What’s great about many podcasts it that they’re free and plnety are downloadable through iTunes (you can grab a feed’s link, click “Subscribe to Podcast” under the Advanced, and paste the link in the box that appears, and you’re set). You can find all types of stuff if you look around the iTunes Podcast directory: daily podcasts produced by print and online periodicals, college lectures, documentary programs, and plenty more to keep you occupied and learning. In fact, here’s a link to a former podcast of the BBC’s In Our Time about a subject near and dear to many of you juniors and seniors.

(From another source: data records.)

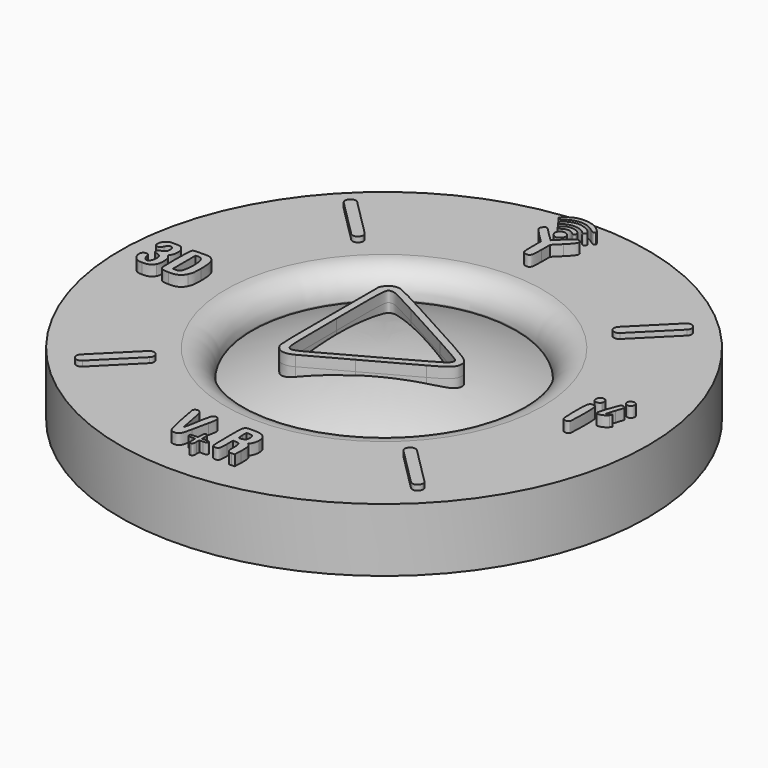
from build123d import *

# Parameters (mm, degrees)
F0_R      = 50
F0_R_2    = 25
F1_DEPTH  = 25
F4_R      = 5
F6_DEPTH  = 1
F8_DEPTH  = 2
F9_DEPTH  = 10
F10_DEPTH = 5
F11_DEPTH = 8


# Not quite as in the source:
# - ends of sketch curves that miss each other by under 0.0002 mm in the source are joined


with BuildPart() as f1:
    # F0 (on Top) → F1 (new body)
    with BuildSketch(Plane.XY):
        Circle(F0_R)
        Circle(F0_R_2, mode=Mode.SUBTRACT)
    extrude(amount=F1_DEPTH)

    # F2 (on Front) → F3 (revolve)
    with BuildSketch(Plane.XZ):
        with BuildLine():
            Line((0, 25), (0, 0))
            Line((0, 0), (50, 0))
            ThreePointArc((50, 0), (27.9508497187, 18.4016994375), (0, 25))
        make_face()
    revolve(axis=Axis((0, 0, 12.5), (0, 0, -1)))

    # F4
    f4_edges = [f1.edges().sort_by_distance(p)[0] for p in [
        (-25, 0, 25),
    ]]
    fillet(f4_edges, radius=F4_R)

    # F5 (on face) → F6 (join)
    with BuildSketch(Plane.XY.offset(25)):
        with BuildLine():
            Line((-32.5190551926, 31.1048416302), (-25.4558441227, 24.0416305603))
            ThreePointArc((-25.4558441227, 24.0416305603), (-24.0416305603, 24.0416305603), (-24.0416305603, 25.4558441227))
            Line((-24.0416305603, 25.4558441227), (-31.1048416302, 32.5190551926))
            ThreePointArc((-31.1048416302, 32.5190551926), (-31.1087808531, 32.5229725904), (-31.1126983722, 32.5269119346))
            ThreePointArc((-31.1126983722, 32.5269119346), (-32.5269119346, 32.5269119346), (-32.5269119346, 31.1126983722))
            ThreePointArc((-32.5269119346, 31.1126983722), (-32.5229725904, 31.1087808531), (-32.5190551926, 31.1048416302))
        make_face()
        with BuildLine():
            Line((25.4558441227, 24.0416305603), (32.5190551926, 31.1048416302))
            ThreePointArc((32.5190551926, 31.1048416302), (32.5229725904, 31.1087808531), (32.5269119346, 31.1126983722))
            ThreePointArc((32.5269119346, 31.1126983722), (32.5269119346, 32.5269119346), (31.1126983722, 32.5269119346))
            ThreePointArc((31.1126983722, 32.5269119346), (31.1087808531, 32.5229725904), (31.1048852801, 32.5190115427))
            Line((31.1048852801, 32.5190115427), (24.0416305603, 25.4558441227))
            ThreePointArc((24.0416305603, 25.4558441227), (24.0416305603, 24.0416305603), (25.4558441227, 24.0416305603))
        make_face()
        with BuildLine():
            Line((32.5190551926, -31.1048416302), (25.4558441227, -24.0416305603))
            ThreePointArc((25.4558441227, -24.0416305603), (24.0416305603, -24.0416305603), (24.0416305603, -25.4558441227))
            Line((24.0416305603, -25.4558441227), (31.1048416302, -32.5190551926))
            ThreePointArc((31.1048416302, -32.5190551926), (31.1087808531, -32.5229725904), (31.1126983722, -32.5269119346))
            ThreePointArc((31.1126983722, -32.5269119346), (32.5269119346, -32.5269119346), (32.5269119346, -31.1126983722))
            ThreePointArc((32.5269119346, -31.1126983722), (32.5229725904, -31.1087808531), (32.5190551926, -31.1048416302))
        make_face()
        with BuildLine():
            Line((-31.1048416302, -32.5190551926), (-24.0416305603, -25.4558441227))
            ThreePointArc((-24.0416305603, -25.4558441227), (-24.0416305603, -24.0416305603), (-25.4558441227, -24.0416305603))
            Line((-25.4558441227, -24.0416305603), (-32.5190551926, -31.1048416302))
            ThreePointArc((-32.5190551926, -31.1048416302), (-32.5229725904, -31.1087808531), (-32.5269119346, -31.1126983722))
            ThreePointArc((-32.5269119346, -31.1126983722), (-32.5269119346, -32.5269119346), (-31.1126983722, -32.5269119346))
            ThreePointArc((-31.1126983722, -32.5269119346), (-31.1087808531, -32.5229725904), (-31.1048416302, -32.5190551926))
        make_face()
    extrude(amount=F6_DEPTH)

    # F7 (on face) → F8, piece 2 (join)
    with BuildSketch(Plane.XY.offset(25)):
        with BuildLine():
            add(Edge.make_bspline(
                [(-1.161690177, -44.6288233305), (-1.2198826643, -44.5706308432), (-1.2675113585, -44.2134859056), (-1.2675113585, -43.8351803139)],
                knots=[0, 0, 0, 0, 1, 1, 1, 1], degree=3))
            add(Edge.make_bspline(
                [(-0.7249950689, -44.6382958853), (-1.0358739824, -44.7575977178), (-1.0329102784, -44.7576624757), (-1.161690177, -44.6288233305)],
                knots=[0, 0, 0, 0, 1, 1, 1, 1], degree=3))
            add(Edge.make_bspline(
                [(-0.473915188, -43.8446528687), (-0.473915188, -44.3340691164), (-0.5487669713, -44.5706735558), (-0.7249950689, -44.6382958853)],
                knots=[0, 0, 0, 0, 1, 1, 1, 1], degree=3))
            Line((-0.473915188, -43.8446528687), (-0.473915188, -43.1473502119))
            Line((-0.473915188, -43.1473502119), (0.2403650425, -43.1473502119))
            add(Edge.make_bspline(
                [(0.9546507843, -42.829889423), (0.9546507843, -43.1003167386), (0.8488309806, -43.1473502119), (0.2403650425, -43.1473502119)],
                knots=[0, 0, 0, 0, 1, 1, 1, 1], degree=3))
            add(Edge.make_bspline(
                [(0.249063259, -42.5124341453), (0.8488309806, -42.5124341453), (0.9546507843, -42.5600683508), (0.9546507843, -42.829889423)],
                knots=[0, 0, 0, 0, 1, 1, 1, 1], degree=3))
            Line((0.249063259, -42.5124341453), (-0.4565228886, -42.5124341453))
            Line((-0.4565228886, -42.5124341453), (-0.5048763194, -41.7584642548))
            add(Edge.make_bspline(
                [(-0.87071534, -41.0044984977), (-0.604601998, -41.0044984977), (-0.5454312542, -41.1264443787), (-0.5048763194, -41.7584642548)],
                knots=[0, 0, 0, 0, 1, 1, 1, 1], degree=3))
            add(Edge.make_bspline(
                [(-1.2365543607, -41.7584642548), (-1.1959994259, -41.1264443787), (-1.1368300598, -41.0044984977), (-0.87071534, -41.0044984977)],
                knots=[0, 0, 0, 0, 1, 1, 1, 1], degree=3))
            Line((-1.2365543607, -41.7584642548), (-1.2849077915, -42.5124341453))
            Line((-1.2849077915, -42.5124341453), (-1.9904898055, -42.5124341453))
            add(Edge.make_bspline(
                [(-2.6960759531, -42.829889423), (-2.6960759531, -42.5600449278), (-2.5902561494, -42.5124341453), (-1.9904898055, -42.5124341453)],
                knots=[0, 0, 0, 0, 1, 1, 1, 1], degree=3))
            add(Edge.make_bspline(
                [(-1.9817971004, -43.1473502119), (-2.5902561494, -43.1473502119), (-2.6960759531, -43.1003167386), (-2.6960759531, -42.829889423)],
                knots=[0, 0, 0, 0, 1, 1, 1, 1], degree=3))
            Line((-1.9817971004, -43.1473502119), (-1.2675113585, -43.1473502119))
            Line((-1.2675113585, -43.1473502119), (-1.2675113585, -43.8351803139))
        make_face()
        with BuildLine():
            add(Edge.make_bspline(
                [(-5.7321888921, -43.2040615361), (-6.0594474028, -42.8123593409), (-7.4597334936, -36.4631380499), (-7.2891503496, -36.1444110387)],
                knots=[0, 0, 0, 0, 1, 1, 1, 1], degree=3))
            add(Edge.make_bspline(
                [(-4.902514344, -43.4648123787), (-5.2757509132, -43.4648123787), (-5.5992879155, -43.3631301869), (-5.7321888921, -43.2040615361)],
                knots=[0, 0, 0, 0, 1, 1, 1, 1], degree=3))
            add(Edge.make_bspline(
                [(-3.4939792081, -41.0838681729), (-3.9204053779, -43.1722888652), (-4.093452075, -43.4648123787), (-4.902514344, -43.4648123787)],
                knots=[0, 0, 0, 0, 1, 1, 1, 1], degree=3))
            add(Edge.make_bspline(
                [(-2.8372259749, -37.9927909932), (-3.0112702181, -38.7762174289), (-3.306809793, -40.167204571), (-3.4939792081, -41.0838681729)],
                knots=[0, 0, 0, 0, 1, 1, 1, 1], degree=3))
            add(Edge.make_bspline(
                [(-3.0271083296, -35.7962522832), (-2.5288243928, -35.9265546797), (-2.4866257114, -36.4146936826), (-2.8372259749, -37.9927909932)],
                knots=[0, 0, 0, 0, 1, 1, 1, 1], degree=3))
            add(Edge.make_bspline(
                [(-4.4891554774, -39.2584772477), (-3.9044294837, -35.7891551007), (-3.8198764266, -35.5889362942), (-3.0271083296, -35.7962522832)],
                knots=[0, 0, 0, 0, 1, 1, 1, 1], degree=3))
            add(Edge.make_bspline(
                [(-4.964750751, -41.1632323368), (-4.9041167558, -41.3537016455), (-4.7138692771, -40.5917692976), (-4.4891554774, -39.2584772477)],
                knots=[0, 0, 0, 0, 1, 1, 1, 1], degree=3))
            add(Edge.make_bspline(
                [(-5.8231860422, -36.6679877301), (-5.4313515756, -38.8970968724), (-5.0493575434, -40.8974606957), (-4.964750751, -41.1632323368)],
                knots=[0, 0, 0, 0, 1, 1, 1, 1], degree=3))
            add(Edge.make_bspline(
                [(-7.2891503496, -36.1444110387), (-6.9142590112, -35.4439173366), (-5.9796754024, -35.7777081211), (-5.8231860422, -36.6679877301)],
                knots=[0, 0, 0, 0, 1, 1, 1, 1], degree=3))
        make_face()
        with BuildLine():
            add(Edge.make_bspline(
                [(2.2562859008, -43.2743361809), (2.1195449227, -43.1375896915), (2.065809703, -42.086867739), (2.065809703, -39.5497703625)],
                knots=[0, 0, 0, 0, 1, 1, 1, 1], degree=3))
            add(Edge.make_bspline(
                [(2.7800651326, -43.4648234014), (2.596735719, -43.4648234014), (2.3610199775, -43.3791129702), (2.2562859008, -43.2743361809)],
                knots=[0, 0, 0, 0, 1, 1, 1, 1], degree=3))
            add(Edge.make_bspline(
                [(3.4943522523, -41.6076914952), (3.4943522523, -43.1609452225), (3.3774753937, -43.4648234014), (2.7800651326, -43.4648234014)],
                knots=[0, 0, 0, 0, 1, 1, 1, 1], degree=3))
            Line((3.4943522523, -41.6076914952), (3.4943522523, -40.1315037177))
            Line((3.4943522523, -40.1315037177), (4.044325337, -40.1315037177))
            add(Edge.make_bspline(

You can find links to some of the podcasts I listen to regularly in the sidebar near the bottom of this page. I recommend them all to help you increase your awareness of the events that have shaped and are shaping our world.
Sin City, USA
Last night’s Democratic Preseidential debate was held in Las Vegas; it was broadcast from UNLV. Nevada has earned an early caucus slot this presidential election cycle, different from previous years, and so the state’s issues have been in the news as candidates have been paying significant attention to Nevadans’ needs (thus the geography of the last night’s contest).
In the lead up to the debate, the Online NewsHour presented a comprehensive series of reports on the Silver State’s state: “Big Picture: Las Vegas”. A great series well worth taking a look at. It’d do you well to be informed, and you may find that Nevadans and Arizonans share some common concerns.